#### ACTIVITY:
Look through the material below and report every line that includes "five".

#### DATA PROVIDED:
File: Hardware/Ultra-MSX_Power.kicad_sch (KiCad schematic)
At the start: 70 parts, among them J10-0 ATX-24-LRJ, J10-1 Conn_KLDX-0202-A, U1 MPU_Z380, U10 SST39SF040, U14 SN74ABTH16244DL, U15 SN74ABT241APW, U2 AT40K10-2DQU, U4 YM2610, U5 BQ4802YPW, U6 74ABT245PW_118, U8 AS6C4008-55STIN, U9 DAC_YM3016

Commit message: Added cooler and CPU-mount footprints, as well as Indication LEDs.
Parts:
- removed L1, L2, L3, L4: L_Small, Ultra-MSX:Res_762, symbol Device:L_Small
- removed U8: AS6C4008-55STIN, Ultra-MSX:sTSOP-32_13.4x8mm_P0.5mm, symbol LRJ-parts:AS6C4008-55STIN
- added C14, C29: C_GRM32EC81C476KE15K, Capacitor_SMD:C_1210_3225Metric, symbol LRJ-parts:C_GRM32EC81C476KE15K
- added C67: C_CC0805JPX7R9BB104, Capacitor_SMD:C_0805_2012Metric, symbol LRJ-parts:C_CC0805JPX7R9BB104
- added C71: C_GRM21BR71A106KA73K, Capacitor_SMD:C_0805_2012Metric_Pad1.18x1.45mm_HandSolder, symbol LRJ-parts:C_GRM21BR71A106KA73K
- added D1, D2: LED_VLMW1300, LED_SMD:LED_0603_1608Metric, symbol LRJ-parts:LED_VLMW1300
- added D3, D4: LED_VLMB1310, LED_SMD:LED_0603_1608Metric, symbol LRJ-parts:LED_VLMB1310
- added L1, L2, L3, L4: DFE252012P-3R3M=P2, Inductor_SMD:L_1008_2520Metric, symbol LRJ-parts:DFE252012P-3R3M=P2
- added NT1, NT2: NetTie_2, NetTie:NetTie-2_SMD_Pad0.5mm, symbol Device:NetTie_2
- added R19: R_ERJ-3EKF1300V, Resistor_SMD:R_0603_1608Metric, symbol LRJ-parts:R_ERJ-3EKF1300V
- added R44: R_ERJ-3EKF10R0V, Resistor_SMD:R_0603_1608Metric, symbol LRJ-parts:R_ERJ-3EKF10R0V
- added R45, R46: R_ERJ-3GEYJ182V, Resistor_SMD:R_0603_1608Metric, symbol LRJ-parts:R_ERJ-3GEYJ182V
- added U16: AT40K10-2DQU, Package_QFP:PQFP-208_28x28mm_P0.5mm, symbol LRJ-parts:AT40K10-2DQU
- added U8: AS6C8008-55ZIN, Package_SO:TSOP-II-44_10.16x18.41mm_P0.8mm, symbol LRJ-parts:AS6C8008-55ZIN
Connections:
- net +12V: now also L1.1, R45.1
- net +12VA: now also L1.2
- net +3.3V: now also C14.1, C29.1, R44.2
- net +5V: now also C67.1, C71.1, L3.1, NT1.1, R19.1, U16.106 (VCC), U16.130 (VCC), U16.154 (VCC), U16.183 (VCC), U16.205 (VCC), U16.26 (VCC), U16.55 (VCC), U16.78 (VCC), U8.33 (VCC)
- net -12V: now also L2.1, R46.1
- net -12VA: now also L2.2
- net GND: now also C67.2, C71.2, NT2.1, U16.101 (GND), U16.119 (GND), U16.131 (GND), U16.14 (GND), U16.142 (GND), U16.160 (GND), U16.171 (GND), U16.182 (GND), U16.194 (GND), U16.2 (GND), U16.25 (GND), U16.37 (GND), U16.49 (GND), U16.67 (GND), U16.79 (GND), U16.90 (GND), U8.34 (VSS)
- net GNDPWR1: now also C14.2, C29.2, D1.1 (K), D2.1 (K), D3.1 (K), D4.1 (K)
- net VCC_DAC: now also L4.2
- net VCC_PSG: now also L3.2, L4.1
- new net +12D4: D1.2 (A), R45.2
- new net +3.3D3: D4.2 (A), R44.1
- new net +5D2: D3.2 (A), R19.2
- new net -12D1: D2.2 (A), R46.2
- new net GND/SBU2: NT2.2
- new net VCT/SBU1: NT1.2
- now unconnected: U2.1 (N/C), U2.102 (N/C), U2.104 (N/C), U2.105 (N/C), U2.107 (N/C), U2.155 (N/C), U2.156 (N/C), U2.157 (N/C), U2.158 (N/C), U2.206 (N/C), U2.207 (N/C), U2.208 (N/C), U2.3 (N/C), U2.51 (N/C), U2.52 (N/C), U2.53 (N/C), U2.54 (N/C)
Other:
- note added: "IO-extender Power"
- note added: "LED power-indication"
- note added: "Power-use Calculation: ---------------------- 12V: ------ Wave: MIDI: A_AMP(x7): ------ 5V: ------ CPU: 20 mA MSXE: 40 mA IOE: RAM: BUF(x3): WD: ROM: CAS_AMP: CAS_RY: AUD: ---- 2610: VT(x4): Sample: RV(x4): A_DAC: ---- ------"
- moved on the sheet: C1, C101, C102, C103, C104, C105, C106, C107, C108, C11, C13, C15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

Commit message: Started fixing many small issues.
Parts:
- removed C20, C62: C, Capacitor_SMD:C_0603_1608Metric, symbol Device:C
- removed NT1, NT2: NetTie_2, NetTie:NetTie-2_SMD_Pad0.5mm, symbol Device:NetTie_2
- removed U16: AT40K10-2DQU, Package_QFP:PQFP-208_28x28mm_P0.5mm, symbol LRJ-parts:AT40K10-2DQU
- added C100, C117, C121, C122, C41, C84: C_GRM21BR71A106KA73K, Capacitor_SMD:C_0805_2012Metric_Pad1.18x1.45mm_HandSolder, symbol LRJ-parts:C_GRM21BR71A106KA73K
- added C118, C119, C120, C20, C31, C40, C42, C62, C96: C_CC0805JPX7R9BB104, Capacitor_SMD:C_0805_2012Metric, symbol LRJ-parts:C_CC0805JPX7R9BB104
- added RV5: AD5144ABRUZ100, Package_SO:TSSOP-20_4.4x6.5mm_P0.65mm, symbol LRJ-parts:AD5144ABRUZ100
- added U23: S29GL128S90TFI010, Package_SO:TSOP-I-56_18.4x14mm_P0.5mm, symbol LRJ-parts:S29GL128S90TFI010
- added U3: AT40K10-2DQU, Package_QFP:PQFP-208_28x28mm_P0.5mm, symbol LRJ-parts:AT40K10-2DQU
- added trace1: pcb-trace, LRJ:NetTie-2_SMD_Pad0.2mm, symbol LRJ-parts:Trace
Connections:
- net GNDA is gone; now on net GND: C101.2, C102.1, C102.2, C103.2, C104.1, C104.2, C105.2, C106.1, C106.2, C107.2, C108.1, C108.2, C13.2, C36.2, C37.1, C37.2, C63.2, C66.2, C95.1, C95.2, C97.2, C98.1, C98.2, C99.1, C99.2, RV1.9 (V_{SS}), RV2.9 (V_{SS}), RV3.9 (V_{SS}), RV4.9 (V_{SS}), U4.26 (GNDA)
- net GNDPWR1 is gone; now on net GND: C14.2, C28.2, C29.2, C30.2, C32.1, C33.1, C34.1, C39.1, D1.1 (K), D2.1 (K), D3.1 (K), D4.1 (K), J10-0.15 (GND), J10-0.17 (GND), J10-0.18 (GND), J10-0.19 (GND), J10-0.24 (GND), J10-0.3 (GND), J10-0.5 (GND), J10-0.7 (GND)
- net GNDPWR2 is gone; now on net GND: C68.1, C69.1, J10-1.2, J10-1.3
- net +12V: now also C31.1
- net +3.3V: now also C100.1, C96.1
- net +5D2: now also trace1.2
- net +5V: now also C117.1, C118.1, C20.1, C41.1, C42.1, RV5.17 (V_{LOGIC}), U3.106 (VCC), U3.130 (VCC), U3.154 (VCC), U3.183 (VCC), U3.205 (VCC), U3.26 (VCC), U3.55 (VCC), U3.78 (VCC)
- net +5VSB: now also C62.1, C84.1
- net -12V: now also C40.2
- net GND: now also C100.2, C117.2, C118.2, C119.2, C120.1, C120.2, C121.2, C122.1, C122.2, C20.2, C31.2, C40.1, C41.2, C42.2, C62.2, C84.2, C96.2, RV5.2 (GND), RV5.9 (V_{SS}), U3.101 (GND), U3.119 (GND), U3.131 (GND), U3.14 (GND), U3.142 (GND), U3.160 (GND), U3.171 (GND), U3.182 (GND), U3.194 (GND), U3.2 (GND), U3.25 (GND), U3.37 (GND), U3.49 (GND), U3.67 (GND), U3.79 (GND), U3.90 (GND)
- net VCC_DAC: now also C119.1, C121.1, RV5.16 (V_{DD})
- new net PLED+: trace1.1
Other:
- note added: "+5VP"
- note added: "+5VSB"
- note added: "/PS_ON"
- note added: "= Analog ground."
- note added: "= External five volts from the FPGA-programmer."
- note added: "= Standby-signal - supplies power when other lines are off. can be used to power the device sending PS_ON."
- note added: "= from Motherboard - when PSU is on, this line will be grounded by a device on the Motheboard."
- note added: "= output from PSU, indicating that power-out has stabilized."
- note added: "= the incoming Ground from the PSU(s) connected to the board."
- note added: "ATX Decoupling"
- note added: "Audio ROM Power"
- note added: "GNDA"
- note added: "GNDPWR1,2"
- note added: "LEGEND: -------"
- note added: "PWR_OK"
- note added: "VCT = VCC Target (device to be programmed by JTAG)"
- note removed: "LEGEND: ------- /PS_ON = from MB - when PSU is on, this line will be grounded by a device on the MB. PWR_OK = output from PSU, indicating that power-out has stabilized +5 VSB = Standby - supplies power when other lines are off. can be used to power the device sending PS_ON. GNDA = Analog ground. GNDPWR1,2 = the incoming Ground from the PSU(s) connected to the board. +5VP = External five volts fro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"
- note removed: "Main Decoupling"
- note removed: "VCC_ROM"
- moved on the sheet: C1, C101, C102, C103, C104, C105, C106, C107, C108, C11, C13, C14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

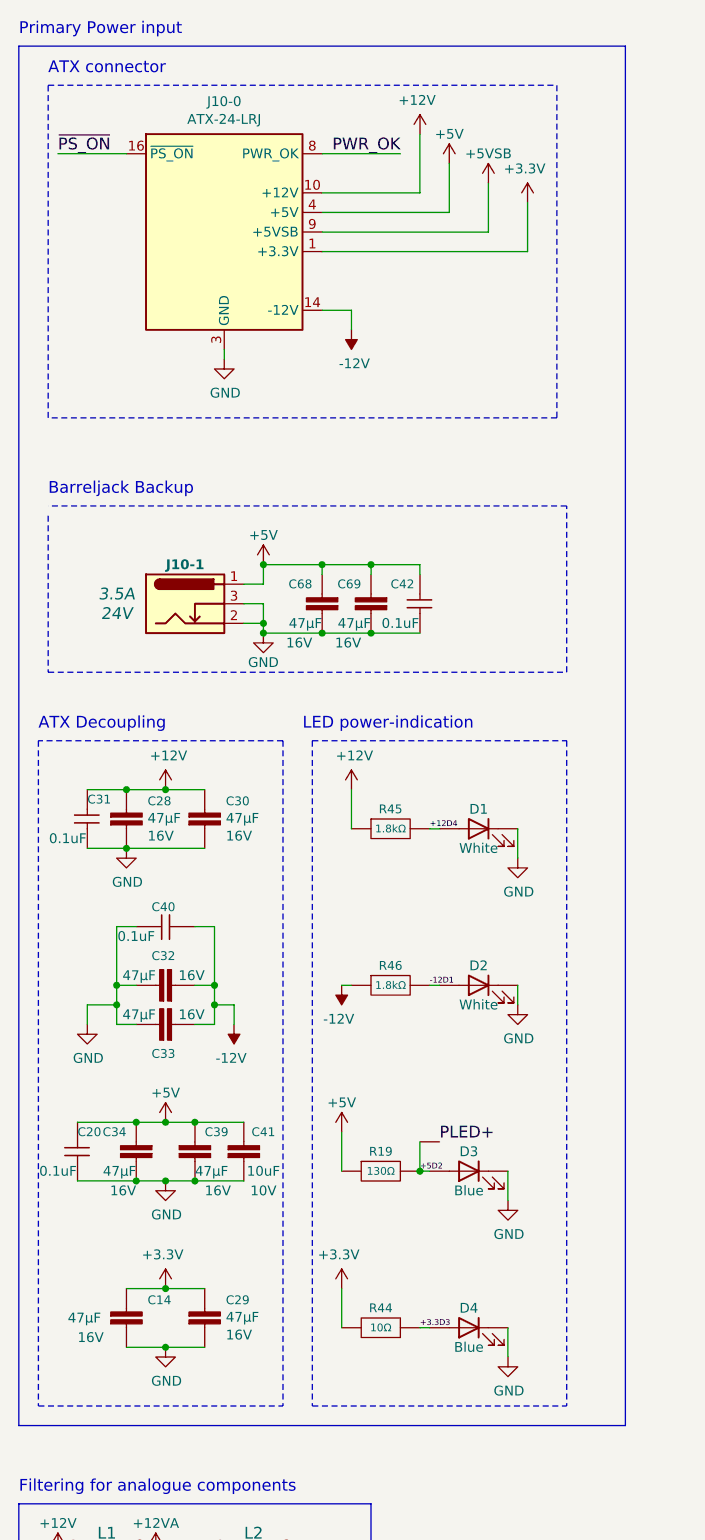
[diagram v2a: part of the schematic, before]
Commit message: Updated the readme, silenced multiple errors in Kicad regarding simulation-files.
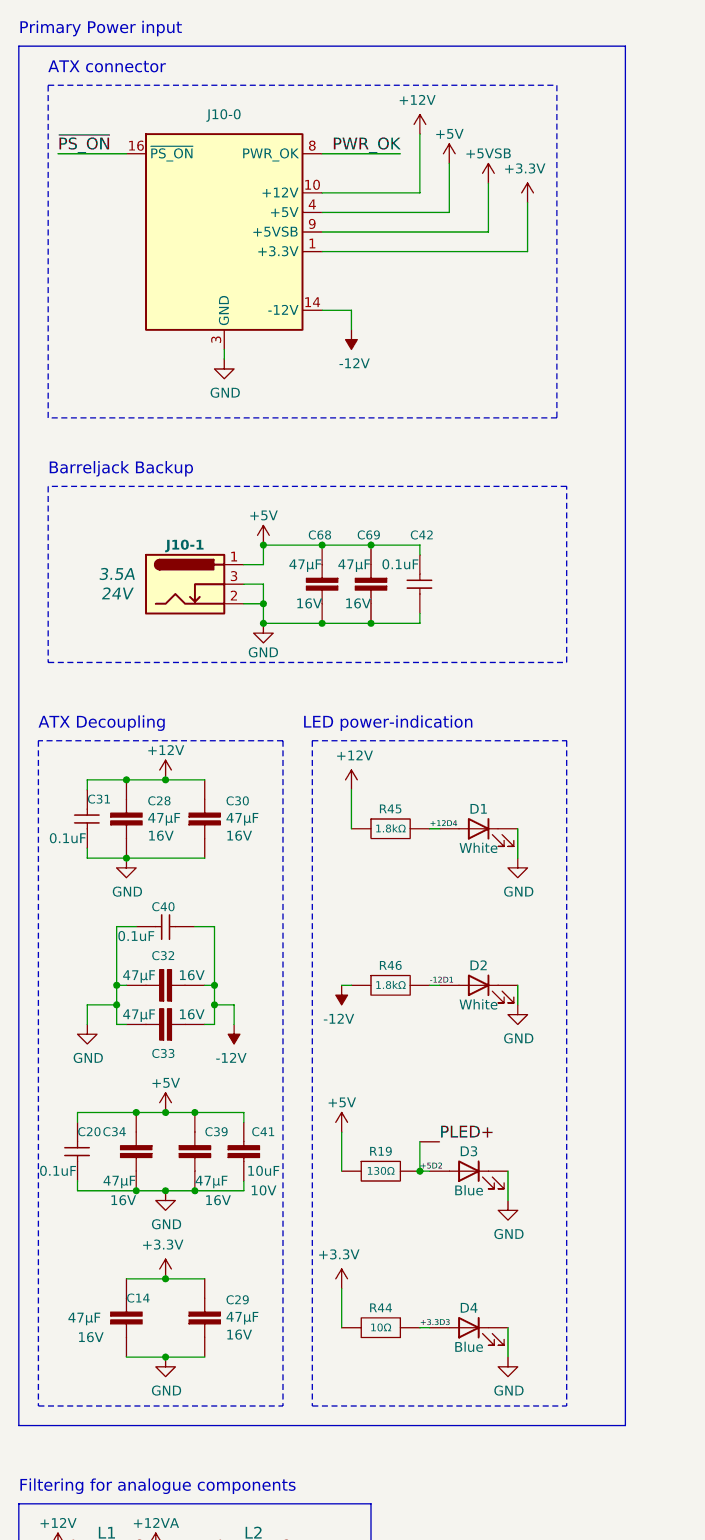
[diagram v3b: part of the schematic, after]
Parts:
- removed J10-0: ATX-24-LRJ, LRJ:Molex_Mini-Fit_Jr_5566-24A2_2x12_P4.20mm_Vertical, symbol Ultra-MSX:ATX-24-LRJ
- removed trace1: pcb-trace, LRJ:NetTie-2_SMD_Pad0.2mm, symbol LRJ-parts:Trace
- added J10-0: Molex_0469990346, LRJ:Molex_Mini-Fit_Jr_5566-24A2_2x12_P4.20mm_Vertical, symbol Ultra-MSX:Molex_0469990346
- added trace1: pcb-trace, LRJ:NetTie-2_SMD_Pad0.2mm, symbol LRJ-parts:Trace_0.2mm
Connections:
- net +12V: now also J10-0.10 (+12V), J10-0.11 (+12V)
- net +3.3V: now also J10-0.1 (+3.3V), J10-0.12 (+3.3V), J10-0.13 (+3.3V), J10-0.2 (+3.3V)
- net +5D2: now also trace1.2
- net +5V: now also J10-0.21 (+5V), J10-0.22 (+5V), J10-0.23 (+5V), J10-0.4 (+5V), J10-0.6 (+5V)
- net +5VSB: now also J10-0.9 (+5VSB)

#### ANSWER BOX:
- note added: "= External five volts from the FPGA-programmer."
- note removed: "LEGEND: ------- /PS_ON = from MB - when PSU is on, this line will be grounded by a device on the MB. PWR_OK = output from PSU, indicating that power-out has stabilized +5 VSB = Standby - supplies power when other lines are off. can be used to power the device sending PS_ON. GNDA = Analog ground. GNDPWR1,2 = the incoming Ground from the PSU(s) connected to the board. +5VP = External five volts fro"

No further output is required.